Every morning we awoke to a day of brilliant summer sunshine; every evening fell cool, limpid, charged with hidden vitality, fragrant with the thin smoke of the tukal fires, pulsing, like a live body, with the beat of the tom-toms that drummed incessantly somewhere out of sight among the eucalyptus-trees. In this rich African setting were jumbled together, for a few days, people of every race and temper, a company shot through with every degree of animosity and suspicion. There were continual rumours born of the general uncertainty; rumours about the date and place of every ceremony; rumours of dissension in high places; rumours that, in the absence at Addis Ababa of all the responsible officials, the interior was seething with brigandage; that the Ethiopian Minister to Paris had been refused admittance to Addis Ababa; that the royal coach-man had not had his wages for two months and had given in his notice; that one of the legations had refused to receive the Empress’s first lady-in-waiting.
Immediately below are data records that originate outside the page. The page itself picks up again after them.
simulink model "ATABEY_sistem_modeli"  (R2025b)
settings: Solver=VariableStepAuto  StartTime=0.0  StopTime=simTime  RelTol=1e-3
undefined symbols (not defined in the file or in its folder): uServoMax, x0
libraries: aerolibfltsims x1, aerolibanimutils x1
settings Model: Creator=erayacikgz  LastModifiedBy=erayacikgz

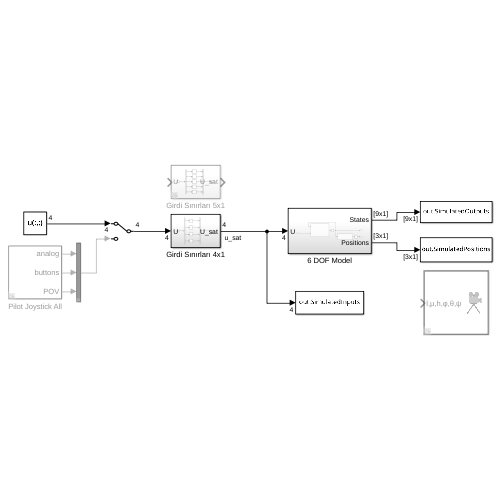
[thumbnail: Simulink's stored preview of the top-level diagram]
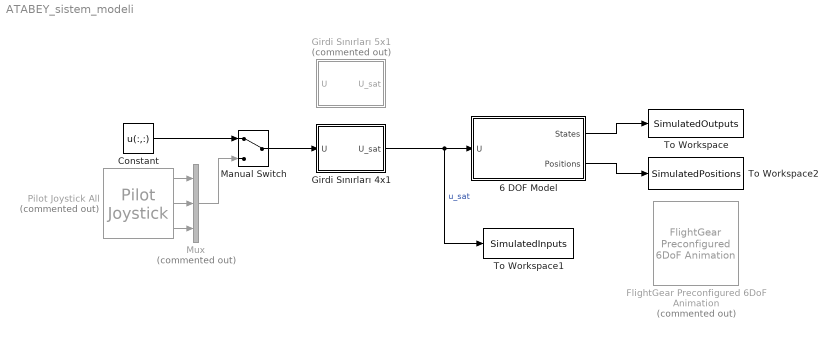
== system ATABEY_sistem_modeli ==
  6 DOF Model : Subsystem
  Constant : Constant  Value=u(:,:)
  FlightGear Preconfigured 6DoF Animation : aerolibfltsims/FlightGear Preconfigured 6DoF Animation  Commented=on  xFlightGearVersion=v2019.1  DestinationIpAddress=127.0.0.1  DestinationPort=5502  SampleTime=1/30  packetVersion=24
  Girdi Sınırları 4x1 : Subsystem
  Girdi Sınırları 5x1 : Subsystem  Commented=on
  Manual Switch : ManualSwitch
  Mux : Mux  Commented=on  Inputs=3
  Pilot Joystick All : aerolibanimutils/Pilot Joystick  Commented=on  JoystickID=Joystick1  OutputConfiguration=AllOutputs  SampleTime=1/30
      settings: LibrarySourceBlock=aerolibanimutils/Pilot Joystick All
  To Workspace : ToWorkspace  VariableName=SimulatedOutputs  SaveFormat=Timeseries  SampleTime=-1
  To Workspace1 : ToWorkspace  VariableName=SimulatedInputs  SaveFormat=Timeseries  SampleTime=-1
  To Workspace2 : ToWorkspace  VariableName=SimulatedPositions  SaveFormat=Timeseries  SampleTime=-1
  wires:
  6 DOF Model/1(States) -> To Workspace/1
  Constant/1 -> Manual Switch/1
  Pilot Joystick All/1 -> Mux/1
  Pilot Joystick All/2 -> Mux/2
  Pilot Joystick All/3 -> Mux/3
  Mux/1 -> Manual Switch/2
  6 DOF Model/2(Positions) -> To Workspace2/1
  Manual Switch/1 -> Girdi Sınırları 4x1/1(U)
  Girdi Sınırları 4x1/1(U_sat) -> To Workspace1/1, 6 DOF Model/1(U)  "u_sat"

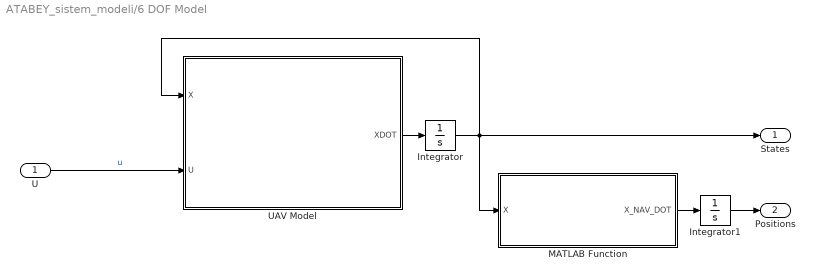
== system ATABEY_sistem_modeli/6 DOF Model ==
  U : Inport
  Integrator : Integrator  InitialCondition=x0(:,:)
  Integrator1 : Integrator  InitialCondition=[0;0;0;]
  MATLAB Function : MATLAB Function  TreatAsAtomicUnit=on
  UAV Model : MATLAB Function  TreatAsAtomicUnit=on
  States : Outport
  Positions : Outport  Port=2
  wires:
  U/1 -> UAV Model/2(U)  "u"
  UAV Model/1(XDOT) -> Integrator/1
  Integrator/1 -> UAV Model/1(X), States/1, MATLAB Function/1(X)
  MATLAB Function/1(X_NAV_DOT) -> Integrator1/1
  Integrator1/1 -> Positions/1

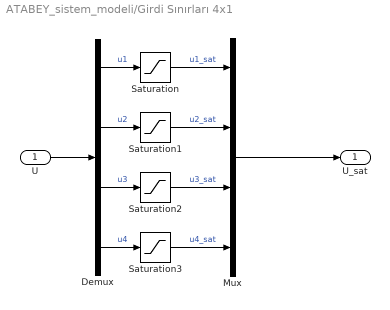
== system ATABEY_sistem_modeli/Girdi Sınırları 4x1 ==
  U : Inport
  Demux : Demux
  Mux : Mux
  Saturation : Saturate  UpperLimit=uServoMax  LowerLimit=-1*uServoMax
  Saturation1 : Saturate  UpperLimit=uServoMax  LowerLimit=-1*uServoMax
  Saturation2 : Saturate  UpperLimit=uServoMax  LowerLimit=-1*uServoMax
  Saturation3 : Saturate  UpperLimit=1  LowerLimit=0
  U_sat : Outport
  wires:
  Mux/1 -> U_sat/1
  Demux/2 -> Saturation1/1  "u2"
  Saturation/1 -> Mux/1  "u1_sat"
  Saturation2/1 -> Mux/3  "u3_sat"
  U/1 -> Demux/1
  Demux/1 -> Saturation/1  "u1"
  Demux/3 -> Saturation2/1  "u3"
  Saturation1/1 -> Mux/2  "u2_sat"
  Demux/4 -> Saturation3/1  "u4"
  Saturation3/1 -> Mux/4  "u4_sat"

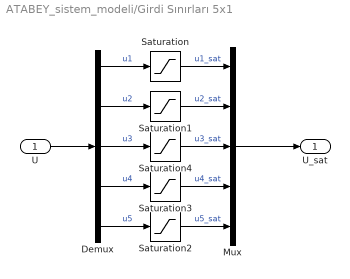
== system ATABEY_sistem_modeli/Girdi Sınırları 5x1 ==
  U : Inport
  Demux : Demux  Outputs=5
  Mux : Mux  Inputs=5
  Saturation : Saturate  UpperLimit=uServoMax  LowerLimit=-1*uServoMax
  Saturation1 : Saturate  UpperLimit=uServoMax  LowerLimit=-1*uServoMax
  Saturation2 : Saturate  UpperLimit=1  LowerLimit=0
  Saturation3 : Saturate  UpperLimit=1  LowerLimit=0
  Saturation4 : Saturate  UpperLimit=uServoMax  LowerLimit=-1*uServoMax
  U_sat : Outport
  wires:
  Mux/1 -> U_sat/1
  Demux/2 -> Saturation1/1  "u2"
  Saturation/1 -> Mux/1  "u1_sat"
  U/1 -> Demux/1
  Demux/1 -> Saturation/1  "u1"
  Saturation1/1 -> Mux/2  "u2_sat"
  Demux/4 -> Saturation3/1  "u4"
  Saturation3/1 -> Mux/4  "u4_sat"
  Demux/5 -> Saturation2/1  "u5"
  Saturation2/1 -> Mux/5  "u5_sat"
  Demux/3 -> Saturation4/1  "u3"
  Saturation4/1 -> Mux/3  "u3_sat"

== matlab function ATABEY_sistem_modeli/6 DOF Model/MATLAB Function ==
  data: X input; X_NAV_DOT output
function X_NAV_DOT  = NavigationEquations(X)

P_N_dot = X(1)*cos(X(8))*cos(X(9))...
    + X(2)*(-cos(X(7))*sin(X(9)) + sin(X(7))*sin(X(8))*cos(X(9)))...
    + X(3)*(sin(X(7))*sin(X(9)) + cos(X(7))*sin(X(8))*cos(X(9)));

P_E_dot = X(1)*cos(X(8))*sin(X(9))...
    + X(2)*(cos(X(7))*cos(X(9)) + sin(X(7))*sin(X(8))*sin(X(9)))...
    + X(3)*(-sin(X(7))*cos(X(9)) + cos(X(7))*sin(X(8))*sin(X(9)));

h_dot = X(1)*sin(X(8)) - X(2)*sin(X(7))*cos(X(8)) - X(3)*cos(X(7))*cos(X(8));

X_NAV_DOT = [P_N_dot;
             P_E_dot;
             h_dot];

end

== matlab function ATABEY_sistem_modeli/6 DOF Model/UAV Model ==
  data: X input double size=[9 1]; XDOT output double size=[9 1]; U input double
function XDOT = ATABEY_model(X, U)

    XDOT = ATABEY_dynamics(X, U);

end

One morning Irene and I were sitting outside the hotel drinking apéritifs and waiting for luncheon; we were entertained by the way in which the various visitors treated a pedlar who diffidently approached them with a bundle of bootlaces in one hand and an enamelled pot de chambre in the other. Suddenly a taxi drove up, and a servant wearing the palace livery jumped out and emptied a large pile of envelopes into Irene’s lap. Two were addressed to us. We took them and handed back the rest, which the man presented, to be sorted in the same way, at the next table.
The envelopes contained an invitation to lunch with the Emperor that day at one o’clock; as it was then after half past twelve we disregarded the request for an answer and hurried off to change.